--- PROVIDED RECORDS Enclosed Below ---
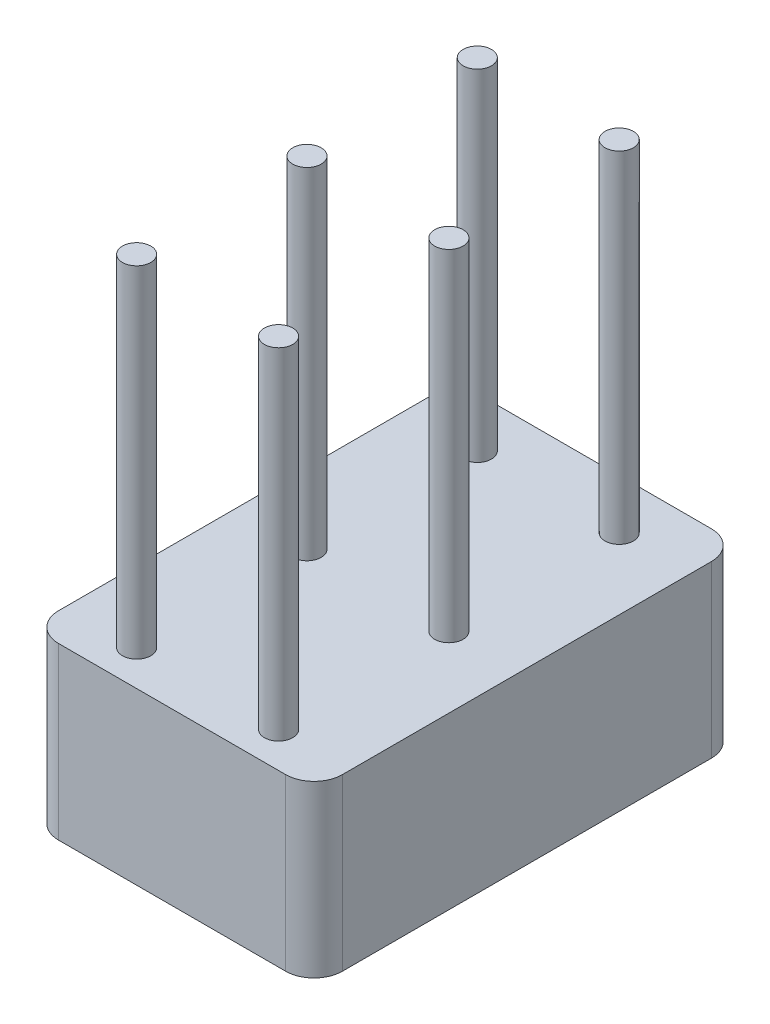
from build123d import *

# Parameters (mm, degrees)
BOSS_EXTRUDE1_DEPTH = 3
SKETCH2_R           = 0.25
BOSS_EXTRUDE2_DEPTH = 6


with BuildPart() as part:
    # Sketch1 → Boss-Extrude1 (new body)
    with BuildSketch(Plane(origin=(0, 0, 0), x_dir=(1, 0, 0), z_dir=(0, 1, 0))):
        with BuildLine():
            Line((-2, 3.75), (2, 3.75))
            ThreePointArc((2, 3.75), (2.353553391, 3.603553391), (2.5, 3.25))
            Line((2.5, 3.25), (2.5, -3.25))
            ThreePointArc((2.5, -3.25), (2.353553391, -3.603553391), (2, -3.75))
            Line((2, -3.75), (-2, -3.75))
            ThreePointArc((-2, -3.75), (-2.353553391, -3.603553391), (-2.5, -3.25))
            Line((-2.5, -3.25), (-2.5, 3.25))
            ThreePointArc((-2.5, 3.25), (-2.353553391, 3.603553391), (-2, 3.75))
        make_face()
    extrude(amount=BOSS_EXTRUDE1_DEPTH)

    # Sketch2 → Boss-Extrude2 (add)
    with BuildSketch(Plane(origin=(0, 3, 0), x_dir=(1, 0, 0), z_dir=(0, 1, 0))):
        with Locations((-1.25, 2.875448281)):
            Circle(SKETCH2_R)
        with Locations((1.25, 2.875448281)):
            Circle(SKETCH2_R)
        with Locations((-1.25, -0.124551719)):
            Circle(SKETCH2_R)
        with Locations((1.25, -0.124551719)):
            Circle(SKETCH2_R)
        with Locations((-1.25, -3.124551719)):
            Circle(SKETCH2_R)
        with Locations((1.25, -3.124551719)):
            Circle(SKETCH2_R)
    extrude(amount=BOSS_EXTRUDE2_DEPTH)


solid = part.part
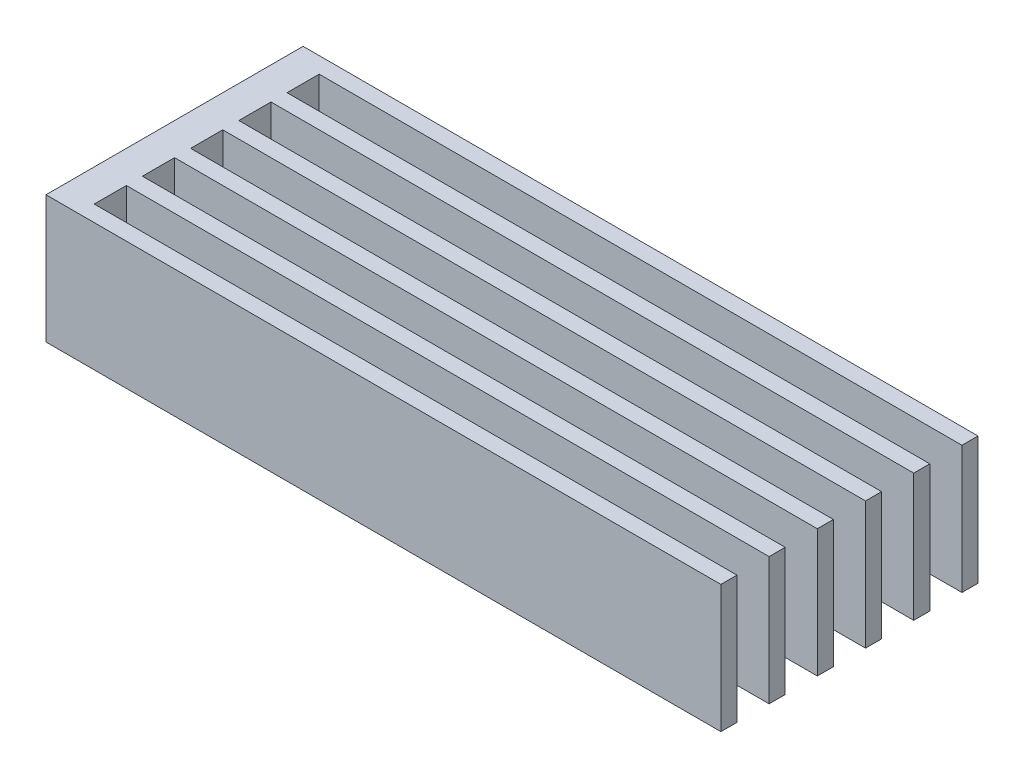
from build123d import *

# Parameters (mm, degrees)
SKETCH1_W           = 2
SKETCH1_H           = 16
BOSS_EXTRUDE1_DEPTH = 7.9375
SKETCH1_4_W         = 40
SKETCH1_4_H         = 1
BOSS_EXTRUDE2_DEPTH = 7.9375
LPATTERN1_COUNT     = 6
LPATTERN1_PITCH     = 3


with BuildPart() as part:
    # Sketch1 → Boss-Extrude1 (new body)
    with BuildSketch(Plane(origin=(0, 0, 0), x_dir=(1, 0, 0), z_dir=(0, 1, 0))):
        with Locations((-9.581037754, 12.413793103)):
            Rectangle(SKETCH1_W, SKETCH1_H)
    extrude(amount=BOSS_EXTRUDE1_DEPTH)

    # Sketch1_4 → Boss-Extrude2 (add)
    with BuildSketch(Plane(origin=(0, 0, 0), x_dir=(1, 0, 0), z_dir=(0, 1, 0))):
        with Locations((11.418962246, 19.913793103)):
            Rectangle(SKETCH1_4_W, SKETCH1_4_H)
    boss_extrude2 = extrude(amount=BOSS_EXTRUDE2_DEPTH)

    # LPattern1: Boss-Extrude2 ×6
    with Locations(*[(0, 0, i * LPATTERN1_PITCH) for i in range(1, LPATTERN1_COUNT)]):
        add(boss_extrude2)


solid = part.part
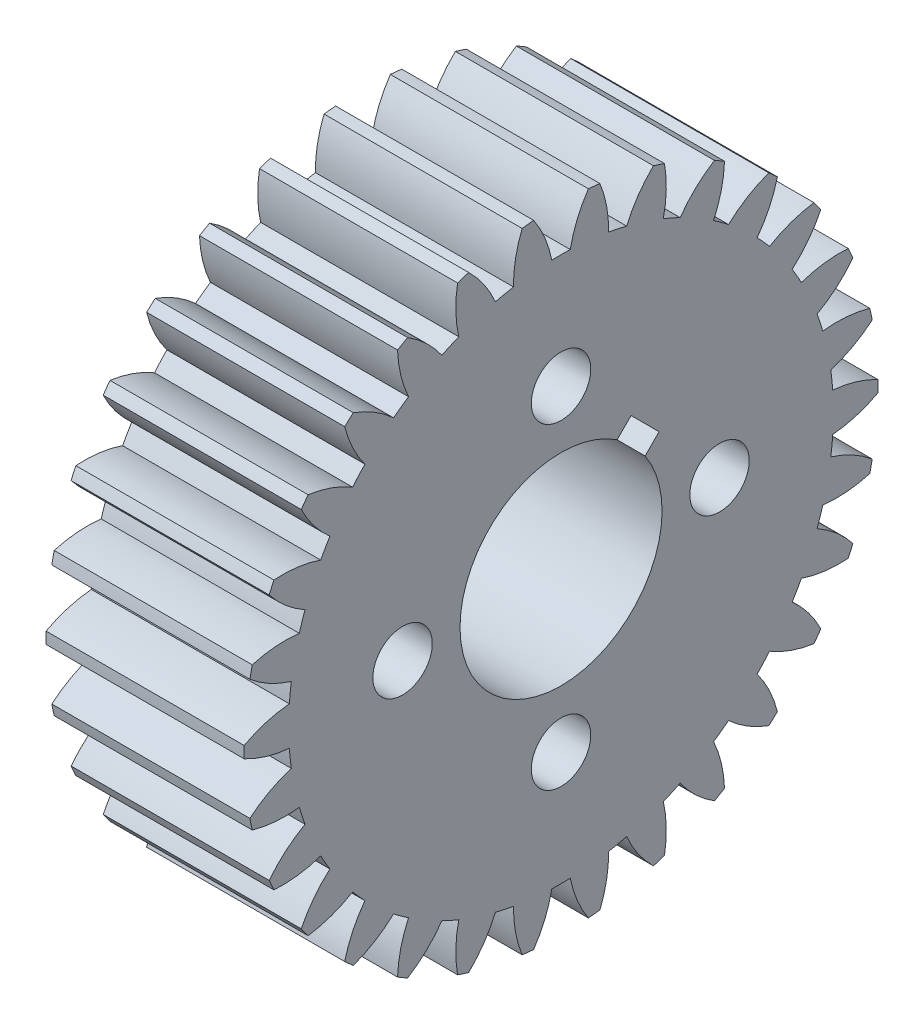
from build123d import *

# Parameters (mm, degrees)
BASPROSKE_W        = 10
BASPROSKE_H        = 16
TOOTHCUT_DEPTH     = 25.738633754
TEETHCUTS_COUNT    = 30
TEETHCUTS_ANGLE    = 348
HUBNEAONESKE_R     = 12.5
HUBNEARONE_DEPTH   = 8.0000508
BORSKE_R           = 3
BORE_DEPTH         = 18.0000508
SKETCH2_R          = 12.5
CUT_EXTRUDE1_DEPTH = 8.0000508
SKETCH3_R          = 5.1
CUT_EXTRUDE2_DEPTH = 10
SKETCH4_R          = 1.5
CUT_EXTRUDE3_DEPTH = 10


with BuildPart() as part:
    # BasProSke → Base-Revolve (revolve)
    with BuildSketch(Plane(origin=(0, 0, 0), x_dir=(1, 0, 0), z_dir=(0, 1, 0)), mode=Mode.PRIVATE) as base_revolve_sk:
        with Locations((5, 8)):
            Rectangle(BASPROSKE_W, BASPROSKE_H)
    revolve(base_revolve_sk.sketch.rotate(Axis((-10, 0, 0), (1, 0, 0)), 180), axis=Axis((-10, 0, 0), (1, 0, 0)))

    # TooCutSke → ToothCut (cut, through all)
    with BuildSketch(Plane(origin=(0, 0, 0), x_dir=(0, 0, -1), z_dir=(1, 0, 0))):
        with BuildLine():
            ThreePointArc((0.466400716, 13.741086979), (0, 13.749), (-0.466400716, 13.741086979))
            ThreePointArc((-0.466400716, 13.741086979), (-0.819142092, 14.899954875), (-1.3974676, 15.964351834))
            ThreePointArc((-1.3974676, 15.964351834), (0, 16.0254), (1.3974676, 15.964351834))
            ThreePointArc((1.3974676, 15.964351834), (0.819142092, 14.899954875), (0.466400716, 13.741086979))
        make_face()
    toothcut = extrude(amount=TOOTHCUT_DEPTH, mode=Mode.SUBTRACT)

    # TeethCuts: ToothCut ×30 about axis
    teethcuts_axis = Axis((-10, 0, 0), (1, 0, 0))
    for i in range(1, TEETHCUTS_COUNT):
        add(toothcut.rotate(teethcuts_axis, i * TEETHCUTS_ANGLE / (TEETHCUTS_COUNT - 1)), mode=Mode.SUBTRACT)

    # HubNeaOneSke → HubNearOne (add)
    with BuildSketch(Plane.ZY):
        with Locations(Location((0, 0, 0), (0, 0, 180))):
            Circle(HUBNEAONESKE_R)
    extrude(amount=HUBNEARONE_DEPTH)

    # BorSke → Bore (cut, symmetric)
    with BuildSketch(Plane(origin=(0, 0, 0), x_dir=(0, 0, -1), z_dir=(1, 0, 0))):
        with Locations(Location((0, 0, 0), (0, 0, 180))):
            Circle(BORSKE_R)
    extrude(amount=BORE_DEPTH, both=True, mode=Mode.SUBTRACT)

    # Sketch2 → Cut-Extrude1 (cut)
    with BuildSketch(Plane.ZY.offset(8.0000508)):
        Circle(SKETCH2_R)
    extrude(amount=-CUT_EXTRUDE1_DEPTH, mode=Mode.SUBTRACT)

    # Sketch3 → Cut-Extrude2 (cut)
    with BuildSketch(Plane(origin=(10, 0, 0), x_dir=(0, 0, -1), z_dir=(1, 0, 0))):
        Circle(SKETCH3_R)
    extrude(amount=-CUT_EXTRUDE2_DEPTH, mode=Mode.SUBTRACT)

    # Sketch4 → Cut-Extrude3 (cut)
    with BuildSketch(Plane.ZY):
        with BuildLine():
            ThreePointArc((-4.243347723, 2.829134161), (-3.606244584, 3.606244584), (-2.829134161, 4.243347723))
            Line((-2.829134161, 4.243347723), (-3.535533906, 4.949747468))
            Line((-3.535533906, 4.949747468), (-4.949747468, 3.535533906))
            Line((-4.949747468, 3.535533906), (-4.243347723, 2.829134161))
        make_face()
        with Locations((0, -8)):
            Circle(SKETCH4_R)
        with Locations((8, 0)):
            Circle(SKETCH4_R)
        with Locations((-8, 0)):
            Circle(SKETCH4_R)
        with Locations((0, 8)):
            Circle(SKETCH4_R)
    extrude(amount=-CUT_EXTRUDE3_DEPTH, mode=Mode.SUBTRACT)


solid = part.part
--- End of Enclosed PROVIDED RECORDS ---
> [WHAT TO DO] Search the entries for the word "rotate" and pick out every line that holds it.

> [WRITTEN ANSWER]
    revolve(base_revolve_sk.sketch.rotate(Axis((-10, 0, 0), (1, 0, 0)), 180), axis=Axis((-10, 0, 0), (1, 0, 0)))
        add(toothcut.rotate(teethcuts_axis, i * TEETHCUTS_ANGLE / (TEETHCUTS_COUNT - 1)), mode=Mode.SUBTRACT)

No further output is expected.